───── Records to process

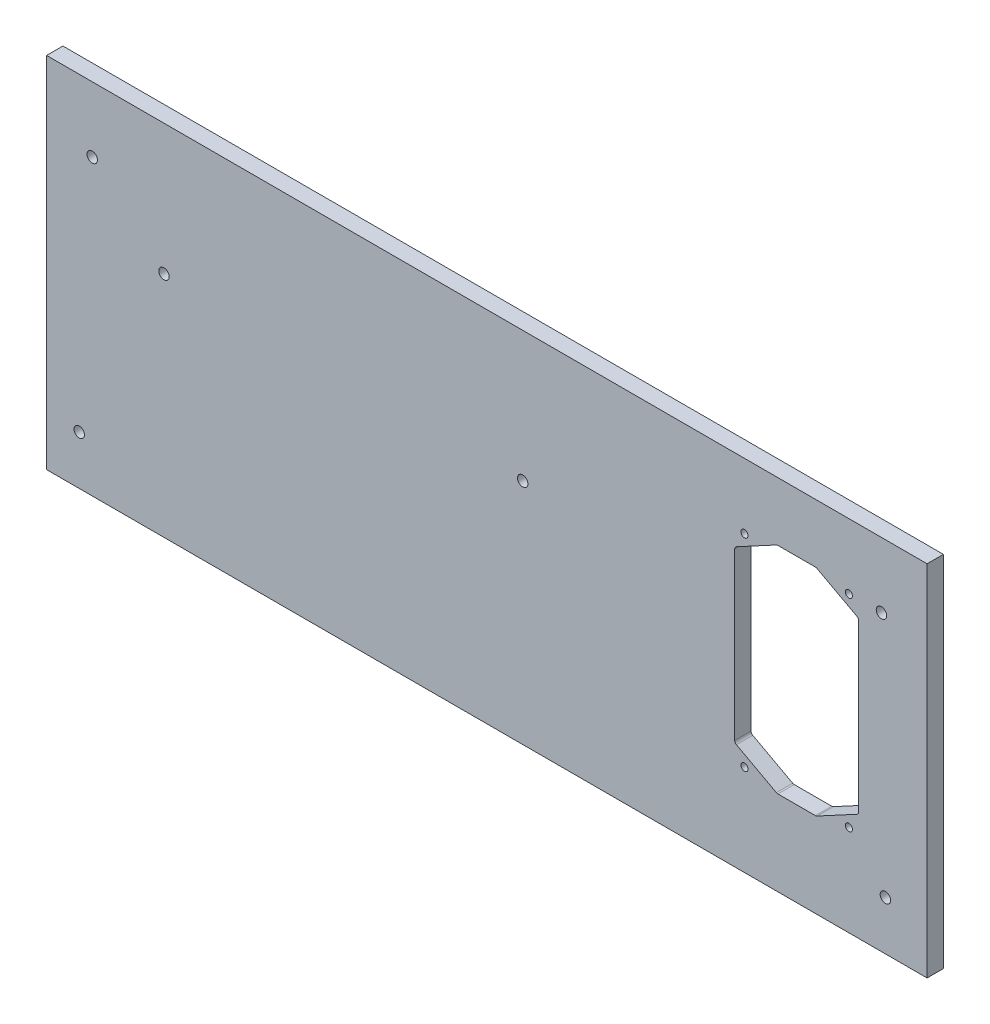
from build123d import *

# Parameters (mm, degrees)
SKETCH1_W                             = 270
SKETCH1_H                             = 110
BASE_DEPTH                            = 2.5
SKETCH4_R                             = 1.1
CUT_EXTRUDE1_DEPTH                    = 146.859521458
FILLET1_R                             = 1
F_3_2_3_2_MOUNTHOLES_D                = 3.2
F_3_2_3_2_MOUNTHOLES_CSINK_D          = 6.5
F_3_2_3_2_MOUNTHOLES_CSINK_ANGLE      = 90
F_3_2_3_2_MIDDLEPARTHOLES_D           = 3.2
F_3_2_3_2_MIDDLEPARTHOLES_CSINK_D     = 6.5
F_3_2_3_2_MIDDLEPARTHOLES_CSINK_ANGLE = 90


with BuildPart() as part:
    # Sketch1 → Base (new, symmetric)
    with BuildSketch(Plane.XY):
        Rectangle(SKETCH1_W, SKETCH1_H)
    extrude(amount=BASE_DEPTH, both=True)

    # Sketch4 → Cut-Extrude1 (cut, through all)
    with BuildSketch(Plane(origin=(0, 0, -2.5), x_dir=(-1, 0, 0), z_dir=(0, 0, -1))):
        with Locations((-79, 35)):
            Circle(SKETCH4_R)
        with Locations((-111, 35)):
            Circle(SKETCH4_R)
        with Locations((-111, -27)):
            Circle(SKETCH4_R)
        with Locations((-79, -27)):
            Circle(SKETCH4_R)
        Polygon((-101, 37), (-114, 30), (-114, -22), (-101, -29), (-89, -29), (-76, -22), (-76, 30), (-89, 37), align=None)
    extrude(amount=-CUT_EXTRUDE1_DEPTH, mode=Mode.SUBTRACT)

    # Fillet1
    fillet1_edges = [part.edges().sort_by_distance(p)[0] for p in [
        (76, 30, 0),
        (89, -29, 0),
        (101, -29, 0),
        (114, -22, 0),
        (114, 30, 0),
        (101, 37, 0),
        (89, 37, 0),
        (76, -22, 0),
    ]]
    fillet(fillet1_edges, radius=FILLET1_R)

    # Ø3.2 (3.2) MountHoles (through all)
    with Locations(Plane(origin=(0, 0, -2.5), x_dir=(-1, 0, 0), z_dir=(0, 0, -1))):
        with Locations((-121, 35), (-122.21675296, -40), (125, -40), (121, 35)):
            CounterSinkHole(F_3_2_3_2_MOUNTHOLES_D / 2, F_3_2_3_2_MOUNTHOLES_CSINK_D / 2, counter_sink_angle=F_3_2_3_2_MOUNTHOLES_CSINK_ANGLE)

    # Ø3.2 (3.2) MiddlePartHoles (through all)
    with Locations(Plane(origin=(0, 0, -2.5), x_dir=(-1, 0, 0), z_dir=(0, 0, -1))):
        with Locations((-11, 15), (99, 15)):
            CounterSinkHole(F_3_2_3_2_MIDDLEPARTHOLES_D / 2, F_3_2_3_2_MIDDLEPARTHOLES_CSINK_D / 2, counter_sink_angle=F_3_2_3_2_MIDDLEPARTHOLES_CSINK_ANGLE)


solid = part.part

──────────

What to do —
Write the records out again exactly as shown above, keeping no pictures.

Expected answer —
from build123d import *

# Parameters (mm, degrees)
SKETCH1_W                             = 270
SKETCH1_H                             = 110
BASE_DEPTH                            = 2.5
SKETCH4_R                             = 1.1
CUT_EXTRUDE1_DEPTH                    = 146.859521458
FILLET1_R                             = 1
F_3_2_3_2_MOUNTHOLES_D                = 3.2
F_3_2_3_2_MOUNTHOLES_CSINK_D          = 6.5
F_3_2_3_2_MOUNTHOLES_CSINK_ANGLE      = 90
F_3_2_3_2_MIDDLEPARTHOLES_D           = 3.2
F_3_2_3_2_MIDDLEPARTHOLES_CSINK_D     = 6.5
F_3_2_3_2_MIDDLEPARTHOLES_CSINK_ANGLE = 90


with BuildPart() as part:
    # Sketch1 → Base (new, symmetric)
    with BuildSketch(Plane.XY):
        Rectangle(SKETCH1_W, SKETCH1_H)
    extrude(amount=BASE_DEPTH, both=True)

    # Sketch4 → Cut-Extrude1 (cut, through all)
    with BuildSketch(Plane(origin=(0, 0, -2.5), x_dir=(-1, 0, 0), z_dir=(0, 0, -1))):
        with Locations((-79, 35)):
            Circle(SKETCH4_R)
        with Locations((-111, 35)):
            Circle(SKETCH4_R)
        with Locations((-111, -27)):
            Circle(SKETCH4_R)
        with Locations((-79, -27)):
            Circle(SKETCH4_R)
        Polygon((-101, 37), (-114, 30), (-114, -22), (-101, -29), (-89, -29), (-76, -22), (-76, 30), (-89, 37), align=None)
    extrude(amount=-CUT_EXTRUDE1_DEPTH, mode=Mode.SUBTRACT)

    # Fillet1
    fillet1_edges = [part.edges().sort_by_distance(p)[0] for p in [
        (76, 30, 0),
        (89, -29, 0),
        (101, -29, 0),
        (114, -22, 0),
        (114, 30, 0),
        (101, 37, 0),
        (89, 37, 0),
        (76, -22, 0),
    ]]
    fillet(fillet1_edges, radius=FILLET1_R)

    # Ø3.2 (3.2) MountHoles (through all)
    with Locations(Plane(origin=(0, 0, -2.5), x_dir=(-1, 0, 0), z_dir=(0, 0, -1))):
        with Locations((-121, 35), (-122.21675296, -40), (125, -40), (121, 35)):
            CounterSinkHole(F_3_2_3_2_MOUNTHOLES_D / 2, F_3_2_3_2_MOUNTHOLES_CSINK_D / 2, counter_sink_angle=F_3_2_3_2_MOUNTHOLES_CSINK_ANGLE)

    # Ø3.2 (3.2) MiddlePartHoles (through all)
    with Locations(Plane(origin=(0, 0, -2.5), x_dir=(-1, 0, 0), z_dir=(0, 0, -1))):
        with Locations((-11, 15), (99, 15)):
            CounterSinkHole(F_3_2_3_2_MIDDLEPARTHOLES_D / 2, F_3_2_3_2_MIDDLEPARTHOLES_CSINK_D / 2, counter_sink_angle=F_3_2_3_2_MIDDLEPARTHOLES_CSINK_ANGLE)


solid = part.part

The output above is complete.